It's not often that a piece of FBI advice triggers a Snopes fact check. But the agency's urgent message this month to Americans, often summarized as "stop texting," surprised many consumers.

The warning from the FBI and the Cybersecurity and Infrastructure Security Agency (CISA) highlighted vulnerabilities in text messaging systems that millions of Americans use every day.

The U.S. believes hackers affiliated with China's government, dubbed Salt Typhoon, are waging a "broad and significant cyber-espionage campaign" to infiltrate commercial telecoms and steal users' data — and in isolated cases, to record phone calls, a senior FBI official who spoke to reporters on condition of anonymity said during a Dec. 3 briefing call.

The CISA released a list of best security practices for smartphone users on Thursday, with specific tips for iPhone and Android owners. The agencies' guidance may have surprised consumers — but not security experts.

"People have been talking about things like this for years in the computer security community," Jason Hong, a professor at Carnegie Mellon University's School of Computer Science, told NPR. "You should not rely on these kinds of unencrypted communications because of this exact reason: There could be snoopers in lots of infrastructure."

So what should you do to keep your messages private?

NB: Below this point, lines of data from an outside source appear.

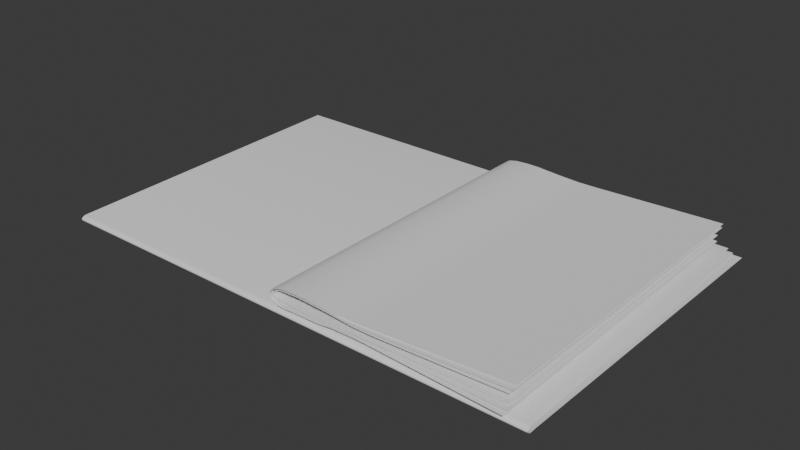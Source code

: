 # Source: Hotel-Espir_Newspaper.blend  (saved by Blender 4.2.66; exported with 4.5.12 LTS)
import bpy
from mathutils import Matrix  # noqa: F401  (used for matrix-valued properties, if any)

bpy.ops.wm.read_factory_settings(use_empty=True)
scene = bpy.context.scene
scene.name = 'Scene'

# ---- collections
col_collection = bpy.data.collections.new('Collection'); scene.collection.children.link(col_collection)

# ---- node groups
ng_smooth_by_angle = bpy.data.node_groups.new('Smooth by Angle', 'GeometryNodeTree')
_s = ng_smooth_by_angle.interface.new_socket(name='Mesh', in_out='OUTPUT', socket_type='NodeSocketGeometry')
_s = ng_smooth_by_angle.interface.new_socket(name='Mesh', in_out='INPUT', socket_type='NodeSocketGeometry')
_s = ng_smooth_by_angle.interface.new_socket(name='Angle', in_out='INPUT', socket_type='NodeSocketFloat')
_s.subtype = 'ANGLE'
_s.default_value = 0.5236
_s.min_value = 0.0
_s.max_value = 3.142
_s.description = 'Maximum face angle for smooth edges'
_s = ng_smooth_by_angle.interface.new_socket(name='Ignore Sharpness', in_out='INPUT', socket_type='NodeSocketBool')
_s.force_non_field = True
ng_smooth_by_angle.description = 'Set the sharpness of mesh edges based on the angle between the neighboring faces'
ng_smooth_by_angle.is_modifier = True
_N = ng_smooth_by_angle.nodes; _L = ng_smooth_by_angle.links
n0 = _N.new('GeometryNodeSetShadeSmooth'); n0.name = 'Set Shade Smooth'; n0.location = (120, -80)
n0.domain = 'EDGE'
n1 = _N.new('GeometryNodeSetShadeSmooth'); n1.name = 'Set Shade Smooth.001'; n1.location = (300, -80)
n2 = _N.new('NodeGroupOutput'); n2.name = 'Group Output'; n2.location = (480, -80)
n3 = _N.new('GeometryNodeInputMeshEdgeAngle'); n3.name = 'Edge Angle'; n3.location = (-440, -240)
n4 = _N.new('NodeGroupInput'); n4.name = 'Group Input'; n4.location = (-80, -80)
n5 = _N.new('GeometryNodeInputEdgeSmooth'); n5.name = 'Is Edge Smooth'; n5.location = (-260, -120)
n6 = _N.new('GeometryNodeInputShadeSmooth'); n6.name = 'Is Shade Smooth'; n6.location = (-440, -397)
n7 = _N.new('FunctionNodeCompare'); n7.name = 'Compare'; n7.location = (-260, -260)
n7.operation = 'LESS_EQUAL'
n7.inputs[6].default_value = (0.0, 0.0, 0.0, 0.0)
n7.inputs[7].default_value = (0.0, 0.0, 0.0, 0.0)
n8 = _N.new('FunctionNodeBooleanMath'); n8.name = 'Boolean Math.001'; n8.location = (-80, -260)
n9 = _N.new('NodeGroupInput'); n9.name = 'Group Input.001'; n9.location = (-440, -329)
n10 = _N.new('NodeGroupInput'); n10.name = 'Group Input.002'; n10.location = (-259, -189)
n11 = _N.new('FunctionNodeBooleanMath'); n11.name = 'Boolean Math'; n11.location = (-80, -149)
n11.operation = 'OR'
n12 = _N.new('FunctionNodeBooleanMath'); n12.name = 'Boolean Math.002'; n12.location = (-260, -380)
n12.operation = 'OR'
n13 = _N.new('NodeGroupInput'); n13.name = 'Group Input.003'; n13.location = (-440, -460)
_L.new(n3.outputs[0], n7.inputs[0])
_L.new(n1.outputs[0], n2.inputs[0])
_L.new(n9.outputs[1], n7.inputs[1])
_L.new(n7.outputs[0], n8.inputs[0])
_L.new(n4.outputs[0], n0.inputs[0])
_L.new(n0.outputs[0], n1.inputs[0])
_L.new(n8.outputs[0], n0.inputs[2])
_L.new(n10.outputs[2], n11.inputs[1])
_L.new(n5.outputs[0], n11.inputs[0])
_L.new(n11.outputs[0], n0.inputs[1])
_L.new(n13.outputs[2], n12.inputs[1])
_L.new(n6.outputs[0], n12.inputs[0])
_L.new(n12.outputs[0], n8.inputs[1])
n2.is_active_output = True
ng_smooth_by_angle_001 = bpy.data.node_groups.new('Smooth by Angle.001', 'GeometryNodeTree')
_s = ng_smooth_by_angle_001.interface.new_socket(name='Mesh', in_out='OUTPUT', socket_type='NodeSocketGeometry')
_s = ng_smooth_by_angle_001.interface.new_socket(name='Mesh', in_out='INPUT', socket_type='NodeSocketGeometry')
_s = ng_smooth_by_angle_001.interface.new_socket(name='Angle', in_out='INPUT', socket_type='NodeSocketFloat')
_s.subtype = 'ANGLE'
_s.default_value = 0.5236
_s.min_value = 0.0
_s.max_value = 3.142
_s.description = 'Maximum face angle for smooth edges'
_s = ng_smooth_by_angle_001.interface.new_socket(name='Ignore Sharpness', in_out='INPUT', socket_type='NodeSocketBool')
_s.force_non_field = True
ng_smooth_by_angle_001.description = 'Set the sharpness of mesh edges based on the angle between the neighboring faces'
ng_smooth_by_angle_001.is_modifier = True
_N = ng_smooth_by_angle_001.nodes; _L = ng_smooth_by_angle_001.links
n0 = _N.new('GeometryNodeSetShadeSmooth'); n0.name = 'Set Shade Smooth'; n0.location = (120, -80)
n0.domain = 'EDGE'
n1 = _N.new('GeometryNodeSetShadeSmooth'); n1.name = 'Set Shade Smooth.001'; n1.location = (300, -80)
n2 = _N.new('NodeGroupOutput'); n2.name = 'Group Output'; n2.location = (480, -80)
n3 = _N.new('GeometryNodeInputMeshEdgeAngle'); n3.name = 'Edge Angle'; n3.location = (-440, -240)
n4 = _N.new('NodeGroupInput'); n4.name = 'Group Input'; n4.location = (-80, -80)
n5 = _N.new('GeometryNodeInputEdgeSmooth'); n5.name = 'Is Edge Smooth'; n5.location = (-260, -120)
n6 = _N.new('GeometryNodeInputShadeSmooth'); n6.name = 'Is Shade Smooth'; n6.location = (-440, -397)
n7 = _N.new('FunctionNodeCompare'); n7.name = 'Compare'; n7.location = (-260, -260)
n7.operation = 'LESS_EQUAL'
n7.inputs[6].default_value = (0.0, 0.0, 0.0, 0.0)
n7.inputs[7].default_value = (0.0, 0.0, 0.0, 0.0)
n8 = _N.new('FunctionNodeBooleanMath'); n8.name = 'Boolean Math.001'; n8.location = (-80, -260)
n9 = _N.new('NodeGroupInput'); n9.name = 'Group Input.001'; n9.location = (-440, -329)
n10 = _N.new('NodeGroupInput'); n10.name = 'Group Input.002'; n10.location = (-259, -189)
n11 = _N.new('FunctionNodeBooleanMath'); n11.name = 'Boolean Math'; n11.location = (-80, -149)
n11.operation = 'OR'
n12 = _N.new('FunctionNodeBooleanMath'); n12.name = 'Boolean Math.002'; n12.location = (-260, -380)
n12.operation = 'OR'
n13 = _N.new('NodeGroupInput'); n13.name = 'Group Input.003'; n13.location = (-440, -460)
_L.new(n3.outputs[0], n7.inputs[0])
_L.new(n1.outputs[0], n2.inputs[0])
_L.new(n9.outputs[1], n7.inputs[1])
_L.new(n7.outputs[0], n8.inputs[0])
_L.new(n4.outputs[0], n0.inputs[0])
_L.new(n0.outputs[0], n1.inputs[0])
_L.new(n8.outputs[0], n0.inputs[2])
_L.new(n10.outputs[2], n11.inputs[1])
_L.new(n5.outputs[0], n11.inputs[0])
_L.new(n11.outputs[0], n0.inputs[1])
_L.new(n13.outputs[2], n12.inputs[1])
_L.new(n6.outputs[0], n12.inputs[0])
_L.new(n12.outputs[0], n8.inputs[1])
n2.is_active_output = True

# ---- world
world_world = bpy.data.worlds.new('World'); scene.world = world_world
world_world.use_nodes = True; world_world.node_tree.nodes.clear()
_N = world_world.node_tree.nodes; _L = world_world.node_tree.links
n0 = _N.new('ShaderNodeOutputWorld'); n0.name = 'World Output'; n0.location = (300, 300)
n1 = _N.new('ShaderNodeBackground'); n1.name = 'Background'; n1.location = (10, 300)
n1.inputs[0].default_value = (0.05088, 0.05088, 0.05088, 1.0)
_L.new(n1.outputs[0], n0.inputs[0])
n0.is_active_output = True
world_world.color = (0.05088, 0.05088, 0.05088)
world_world.sun_shadow_jitter_overblur = 0.0

# ---- meshes
me_plane = bpy.data.meshes.new('Plane')
me_plane.from_pydata([(-0.2343, -0.1484, -0.002886), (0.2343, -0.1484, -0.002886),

"Encryption is your friend" for texts and phone calls, Jeff Greene, CISA's executive assistant director for cybersecurity, said on the briefing call. "Even if the adversary is able to intercept the data, if it is encrypted, it will make it impossible, if not really hard, for them to detect it. So our advice is to try to avoid using plain text."

In full end-to-end encryption, tech companies make a message decipherable only by its sender and receiver — not by anyone else, including the company. It has been the default on WhatsApp, for instance, since 2016. Along with a promise of greater security, it makes companies "warrant-proof" from surveillance efforts.

The good news for people who use Apple phones is that iMessage and FaceTime are also already end-to-end encrypted, says Hong. For Android phones, encryption is available in Google Messages if the senders and recipients all have the feature turned on.

But messages sent between iPhones and Android phones are less secure. The simplest way to ensure your messages are safe from snooping is to use an end-to-end encrypted app like Signal or WhatsApp, says Eva Galperin, director of cybersecurity at the Electronic Frontier Foundation (EFF). With these apps, "your communications are end-to-end encrypted every single time," she says.

Galperin highlights another danger: A hacker who has managed to get your ID and password for a website can monitor your text messages to intercept a one-time passcode that's used in two-factor authentication (2FA).

"This is a really serious security risk," Galperin says. She recommends getting 2FA messages through an app like Google Authenticator or Authy or by using a physical security key to verify access.

The FBI and CISA also advise users to set their phones to update operating systems automatically.

"Most compromises of systems do not involve taking advantage of vulnerabilities that no one else knows about," Galperin says, adding that "often, the maker of the product has in fact figured out what the vulnerability is, fixed it and pushed out a patch in the form of a security update."

How at risk are you?

You should be aware of your own "threat model" — a core concept in computer security.

Hong says it boils down to three questions: What are you trying to protect? How important is it to you? And what steps do you need to take to protect it?

If the most valuable items on your phone are family photos, he says, you probably shouldn't worry about foreign hackers targeting you. But what if you occasionally text about national or corporate secrets or politically sensitive data?

"If you are in business, if you are a journalist, if you are somebody in contact with democracy protesters in Hong Kong or Shenzhen or Tibet, then you might want to assume that your phone calls and text messages are not safe from the Chinese government," Galperin of the EFF says.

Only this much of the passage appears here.